On Friday the parties, the state, and the plaintiffs filed a joint motion to amend the final judgement.

  • The Court’s Judgment compels Plaintiffs to disclose their membership as of November 6, 2020, to the Government by October 28, 2025.
  • The Government, as a general policy, does not compel disclosure of the identity of members of private organizations, and the Government did not seek to do so here.
  • Plaintiffs assert that the Judgment’s order compelling them to disclose their membership violates the First Amendment and would subject them to irreparable harm. See, e.g. Americans for Prosperity Foundation v. Bonta, 594 U.S. 595, 606 (2021).
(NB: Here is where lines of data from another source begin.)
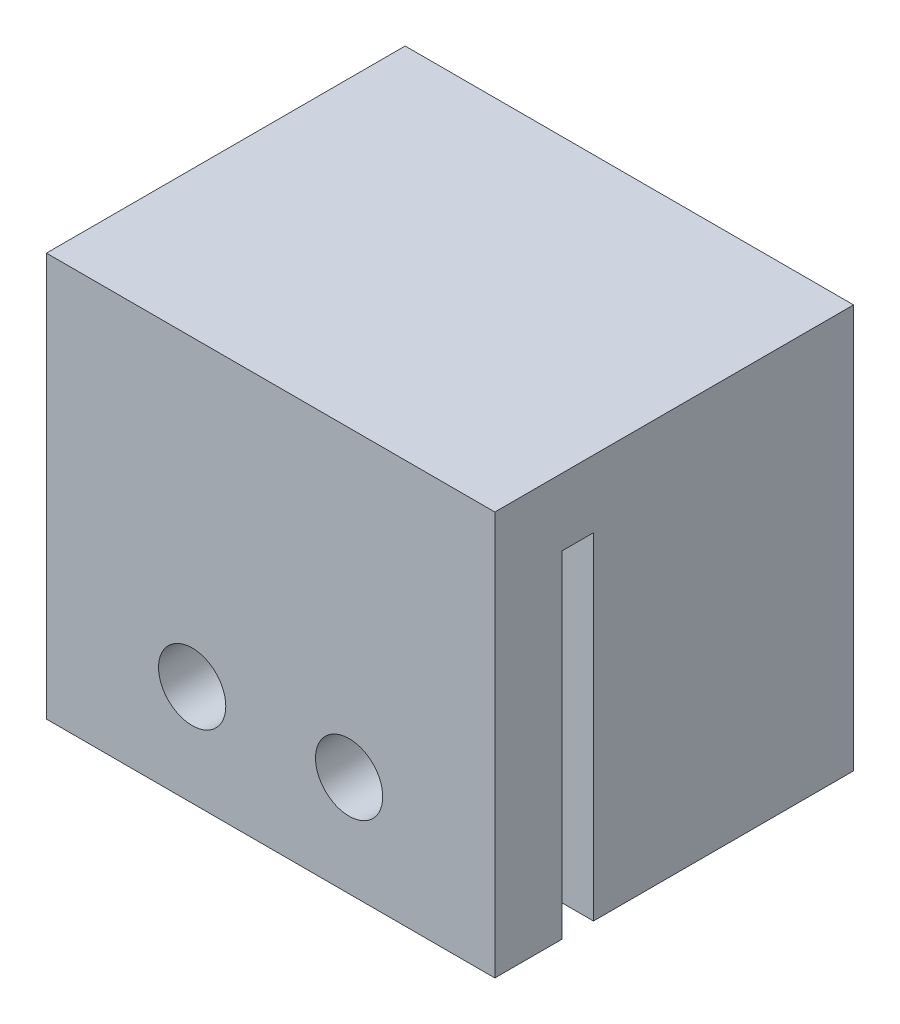
ISO-10303-21;
HEADER;
FILE_DESCRIPTION(('STEP AP214'),'2;1');
FILE_NAME('part.step','',(''),(''),'','','');
FILE_SCHEMA(('AUTOMOTIVE_DESIGN { 1 0 10303 214 1 1 1 1 }'));
ENDSEC;
DATA;
#1=APPLICATION_CONTEXT('core data for automotive mechanical design processes');
#2=APPLICATION_PROTOCOL_DEFINITION('international standard','automotive_design',2000,#1);
#3=PRODUCT_CONTEXT('',#1,'mechanical');
#4=PRODUCT('Part','Part','',(#3));
#5=PRODUCT_RELATED_PRODUCT_CATEGORY('part','',(#4));
#6=PRODUCT_DEFINITION_FORMATION('','',#4);
#7=PRODUCT_DEFINITION_CONTEXT('part definition',#1,'design');
#8=PRODUCT_DEFINITION('design','',#6,#7);
#9=PRODUCT_DEFINITION_SHAPE('','',#8);
#10=(LENGTH_UNIT() NAMED_UNIT(*) SI_UNIT(.MILLI.,.METRE.));
#11=(NAMED_UNIT(*) PLANE_ANGLE_UNIT() SI_UNIT($,.RADIAN.));
#12=(NAMED_UNIT(*) SI_UNIT($,.STERADIAN.) SOLID_ANGLE_UNIT());
#13=UNCERTAINTY_MEASURE_WITH_UNIT(LENGTH_MEASURE(1.E-05),#10,'distance_accuracy_value','');
#14=(GEOMETRIC_REPRESENTATION_CONTEXT(3) GLOBAL_UNCERTAINTY_ASSIGNED_CONTEXT((#13)) GLOBAL_UNIT_ASSIGNED_CONTEXT((#10,
#11,#12)) REPRESENTATION_CONTEXT('',''));
#15=CARTESIAN_POINT('',(0.,0.,0.));
#16=DIRECTION('',(0.,0.,1.));
#17=DIRECTION('',(1.,0.,0.));
#18=AXIS2_PLACEMENT_3D('',#15,#16,#17);
#19=CARTESIAN_POINT('',(-10.,-9.,-16.));
#20=DIRECTION('',(0.,-1.,0.));
#21=DIRECTION('',(0.,0.,-1.));
#22=AXIS2_PLACEMENT_3D('',#19,#20,#21);
#23=PLANE('',#22);
#24=DIRECTION('',(-1.,0.,0.));
#25=VECTOR('',#24,1.);
#26=CARTESIAN_POINT('',(-10.,-9.,-3.));
#27=LINE('',#26,#25);
#28=CARTESIAN_POINT('',(10.,-9.,-3.));
#29=VERTEX_POINT('',#28);
#30=CARTESIAN_POINT('',(-10.,-9.,-3.));
#31=VERTEX_POINT('',#30);
#32=EDGE_CURVE('E157',#29,#31,#27,.T.);
#33=ORIENTED_EDGE('',*,*,#32,.F.);
#34=DIRECTION('',(0.,0.,1.));
#35=VECTOR('',#34,1.);
#36=CARTESIAN_POINT('',(10.,-9.,-16.));
#37=LINE('',#36,#35);
#38=CARTESIAN_POINT('',(10.,-9.,0.));
#39=VERTEX_POINT('',#38);
#40=EDGE_CURVE('E43',#29,#39,#37,.T.);
#41=ORIENTED_EDGE('',*,*,#40,.T.);
#42=DIRECTION('',(1.,0.,0.));
#43=VECTOR('',#42,1.);
#44=CARTESIAN_POINT('',(-10.,-9.,0.));
#45=LINE('',#44,#43);
#46=CARTESIAN_POINT('',(-10.,-9.,0.));
#47=VERTEX_POINT('',#46);
#48=EDGE_CURVE('E198',#47,#39,#45,.T.);
#49=ORIENTED_EDGE('',*,*,#48,.F.);
#50=DIRECTION('',(0.,0.,1.));
#51=VECTOR('',#50,1.);
#52=CARTESIAN_POINT('',(-10.,-9.,-16.));
#53=LINE('',#52,#51);
#54=EDGE_CURVE('E216',#31,#47,#53,.T.);
#55=ORIENTED_EDGE('',*,*,#54,.F.);
#56=EDGE_LOOP('',(#33,#41,#49,#55));
#57=FACE_BOUND('',#56,.T.);
#58=ADVANCED_FACE('F34',(#57),#23,.T.);
#59=DIRECTION('',(1.,0.,0.));
#60=VECTOR('',#59,1.);
#61=CARTESIAN_POINT('',(-10.,-9.,-4.4));
#62=LINE('',#61,#60);
#63=CARTESIAN_POINT('',(-10.,-9.,-4.4));
#64=VERTEX_POINT('',#63);
#65=CARTESIAN_POINT('',(-7.05,-9.,-4.4));
#66=VERTEX_POINT('',#65);
#67=EDGE_CURVE('E225',#64,#66,#62,.T.);
#68=ORIENTED_EDGE('',*,*,#67,.F.);
#69=CARTESIAN_POINT('',(-10.,-9.,-16.));
#70=VERTEX_POINT('',#69);
#71=EDGE_CURVE('E162',#70,#64,#53,.T.);
#72=ORIENTED_EDGE('',*,*,#71,.F.);
#73=DIRECTION('',(1.,0.,0.));
#74=VECTOR('',#73,1.);
#75=CARTESIAN_POINT('',(-10.,-9.,-16.));
#76=LINE('',#75,#74);
#77=CARTESIAN_POINT('',(-7.05,-9.,-16.));
#78=VERTEX_POINT('',#77);
#79=EDGE_CURVE('E202',#70,#78,#76,.T.);
#80=ORIENTED_EDGE('',*,*,#79,.T.);
#81=DIRECTION('',(0.,0.,-1.));
#82=VECTOR('',#81,1.);
#83=CARTESIAN_POINT('',(-7.05,-9.,-16.));
#84=LINE('',#83,#82);
#85=EDGE_CURVE('E179',#66,#78,#84,.T.);
#86=ORIENTED_EDGE('',*,*,#85,.F.);
#87=EDGE_LOOP('',(#68,#72,#80,#86));
#88=FACE_BOUND('',#87,.T.);
#89=ADVANCED_FACE('F260',(#88),#23,.T.);
#90=CARTESIAN_POINT('',(10.,-9.,-16.));
#91=DIRECTION('',(1.,0.,0.));
#92=DIRECTION('',(0.,0.,-1.));
#93=AXIS2_PLACEMENT_3D('',#90,#91,#92);
#94=PLANE('',#93);
#95=DIRECTION('',(0.,-1.,0.));
#96=VECTOR('',#95,1.);
#97=CARTESIAN_POINT('',(10.,6.,-3.));
#98=LINE('',#97,#96);
#99=CARTESIAN_POINT('',(10.,6.,-3.));
#100=VERTEX_POINT('',#99);
#101=EDGE_CURVE('E164',#100,#29,#98,.T.);
#102=ORIENTED_EDGE('',*,*,#101,.F.);
#103=DIRECTION('',(0.,0.,1.));
#104=VECTOR('',#103,1.);
#105=CARTESIAN_POINT('',(10.,6.,-3.));
#106=LINE('',#105,#104);
#107=CARTESIAN_POINT('',(10.,6.,-4.4));
#108=VERTEX_POINT('',#107);
#109=EDGE_CURVE('E147',#108,#100,#106,.T.);
#110=ORIENTED_EDGE('',*,*,#109,.F.);
#111=DIRECTION('',(0.,-1.,0.));
#112=VECTOR('',#111,1.);
#113=CARTESIAN_POINT('',(10.,6.,-4.4));
#114=LINE('',#113,#112);
#115=CARTESIAN_POINT('',(10.,-9.,-4.4));
#116=VERTEX_POINT('',#115);
#117=EDGE_CURVE('E144',#108,#116,#114,.T.);
#118=ORIENTED_EDGE('',*,*,#117,.T.);
#119=CARTESIAN_POINT('',(10.,-9.,-16.));
#120=VERTEX_POINT('',#119);
#121=EDGE_CURVE('E11',#120,#116,#37,.T.);
#122=ORIENTED_EDGE('',*,*,#121,.F.);
#123=DIRECTION('',(0.,1.,0.));
#124=VECTOR('',#123,1.);
#125=CARTESIAN_POINT('',(10.,-9.,-16.));
#126=LINE('',#125,#124);
#127=CARTESIAN_POINT('',(10.,9.,-16.));
#128=VERTEX_POINT('',#127);
#129=EDGE_CURVE('E194',#120,#128,#126,.T.);
#130=ORIENTED_EDGE('',*,*,#129,.T.);
#131=DIRECTION('',(0.,0.,1.));
#132=VECTOR('',#131,1.);
#133=CARTESIAN_POINT('',(10.,9.,-16.));
#134=LINE('',#133,#132);
#135=CARTESIAN_POINT('',(10.,9.,0.));
#136=VERTEX_POINT('',#135);
#137=EDGE_CURVE('E88',#128,#136,#134,.T.);
#138=ORIENTED_EDGE('',*,*,#137,.T.);
#139=DIRECTION('',(0.,1.,0.));
#140=VECTOR('',#139,1.);
#141=CARTESIAN_POINT('',(10.,-9.,0.));
#142=LINE('',#141,#140);
#143=EDGE_CURVE('E187',#39,#136,#142,.T.);
#144=ORIENTED_EDGE('',*,*,#143,.F.);
#145=ORIENTED_EDGE('',*,*,#40,.F.);
#146=EDGE_LOOP('',(#102,#110,#118,#122,#130,#138,#144,#145));
#147=FACE_BOUND('',#146,.T.);
#148=ADVANCED_FACE('F36',(#147),#94,.T.);
#149=CARTESIAN_POINT('',(7.05,-9.,-4.4));
#150=VERTEX_POINT('',#149);
#151=EDGE_CURVE('E221',#150,#116,#62,.T.);
#152=ORIENTED_EDGE('',*,*,#151,.F.);
#153=DIRECTION('',(0.,0.,1.));
#154=VECTOR('',#153,1.);
#155=CARTESIAN_POINT('',(7.05,-9.,-16.));
#156=LINE('',#155,#154);
#157=CARTESIAN_POINT('',(7.05,-9.,-16.));
#158=VERTEX_POINT('',#157);
#159=EDGE_CURVE('E171',#158,#150,#156,.T.);
#160=ORIENTED_EDGE('',*,*,#159,.F.);
#161=EDGE_CURVE('E59',#158,#120,#76,.T.);
#162=ORIENTED_EDGE('',*,*,#161,.T.);
#163=ORIENTED_EDGE('',*,*,#121,.T.);
#164=EDGE_LOOP('',(#152,#160,#162,#163));
#165=FACE_BOUND('',#164,.T.);
#166=ADVANCED_FACE('F257',(#165),#23,.T.);
#167=CARTESIAN_POINT('',(-10.,-9.,-16.));
#168=DIRECTION('',(-1.,0.,0.));
#169=DIRECTION('',(0.,0.,1.));
#170=AXIS2_PLACEMENT_3D('',#167,#168,#169);
#171=PLANE('',#170);
#172=DIRECTION('',(0.,-1.,0.));
#173=VECTOR('',#172,1.);
#174=CARTESIAN_POINT('',(-10.,6.,-3.));
#175=LINE('',#174,#173);
#176=CARTESIAN_POINT('',(-10.,6.,-3.));
#177=VERTEX_POINT('',#176);
#178=EDGE_CURVE('E181',#177,#31,#175,.T.);
#179=ORIENTED_EDGE('',*,*,#178,.T.);
#180=ORIENTED_EDGE('',*,*,#54,.T.);
#181=DIRECTION('',(0.,-1.,0.));
#182=VECTOR('',#181,1.);
#183=CARTESIAN_POINT('',(-10.,-9.,0.));
#184=LINE('',#183,#182);
#185=CARTESIAN_POINT('',(-10.,9.,0.));
#186=VERTEX_POINT('',#185);
#187=EDGE_CURVE('E210',#186,#47,#184,.T.);
#188=ORIENTED_EDGE('',*,*,#187,.F.);
#189=DIRECTION('',(0.,0.,1.));
#190=VECTOR('',#189,1.);
#191=CARTESIAN_POINT('',(-10.,9.,-16.));
#192=LINE('',#191,#190);
#193=CARTESIAN_POINT('',(-10.,9.,-16.));
#194=VERTEX_POINT('',#193);
#195=EDGE_CURVE('E217',#194,#186,#192,.T.);
#196=ORIENTED_EDGE('',*,*,#195,.F.);
#197=DIRECTION('',(0.,-1.,0.));
#198=VECTOR('',#197,1.);
#199=CARTESIAN_POINT('',(-10.,-9.,-16.));
#200=LINE('',#199,#198);
#201=EDGE_CURVE('E200',#194,#70,#200,.T.);
#202=ORIENTED_EDGE('',*,*,#201,.T.);
#203=ORIENTED_EDGE('',*,*,#71,.T.);
#204=DIRECTION('',(0.,-1.,0.));
#205=VECTOR('',#204,1.);
#206=CARTESIAN_POINT('',(-10.,6.,-4.4));
#207=LINE('',#206,#205);
#208=CARTESIAN_POINT('',(-10.,6.,-4.4));
#209=VERTEX_POINT('',#208);
#210=EDGE_CURVE('E141',#209,#64,#207,.T.);
#211=ORIENTED_EDGE('',*,*,#210,.F.);
#212=DIRECTION('',(0.,0.,-1.));
#213=VECTOR('',#212,1.);
#214=CARTESIAN_POINT('',(-10.,6.,-3.));
#215=LINE('',#214,#213);
#216=EDGE_CURVE('E148',#177,#209,#215,.T.);
#217=ORIENTED_EDGE('',*,*,#216,.F.);
#218=EDGE_LOOP('',(#179,#180,#188,#196,#202,#203,#211,#217));
#219=FACE_BOUND('',#218,.T.);
#220=ADVANCED_FACE('F160',(#219),#171,.T.);
#221=CARTESIAN_POINT('',(-10.,9.,-16.));
#222=DIRECTION('',(0.,1.,0.));
#223=DIRECTION('',(0.,0.,1.));
#224=AXIS2_PLACEMENT_3D('',#221,#222,#223);
#225=PLANE('',#224);
#226=DIRECTION('',(-1.,0.,0.));
#227=VECTOR('',#226,1.);
#228=CARTESIAN_POINT('',(-10.,9.,0.));
#229=LINE('',#228,#227);
#230=EDGE_CURVE('E207',#136,#186,#229,.T.);
#231=ORIENTED_EDGE('',*,*,#230,.F.);
#232=ORIENTED_EDGE('',*,*,#137,.F.);
#233=DIRECTION('',(-1.,0.,0.));
#234=VECTOR('',#233,1.);
#235=CARTESIAN_POINT('',(-10.,9.,-16.));
#236=LINE('',#235,#234);
#237=EDGE_CURVE('E197',#128,#194,#236,.T.);
#238=ORIENTED_EDGE('',*,*,#237,.T.);
#239=ORIENTED_EDGE('',*,*,#195,.T.);
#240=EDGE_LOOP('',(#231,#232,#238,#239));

  • To be clear, Plaintiffs do not concede that altering the Judgment in this way would make its scope appropriate, and Plaintiffs retain their right to challenge all aspects of the Judgment on appeal. However, in the absence of the proposed amendment, Plaintiffs face an imminent deadline compelling the disclosure of their membership information.
  • To avoid the need for Plaintiffs to file an emergency motion to stay the disclosure deadline, the Parties respectfully request that the Court act on this motion by October 14, 2025.

Short translation, the state is still attempting to make a facial challenge judgement into an as-applied judgement, but even the government understands that demanding membership lists is verboten.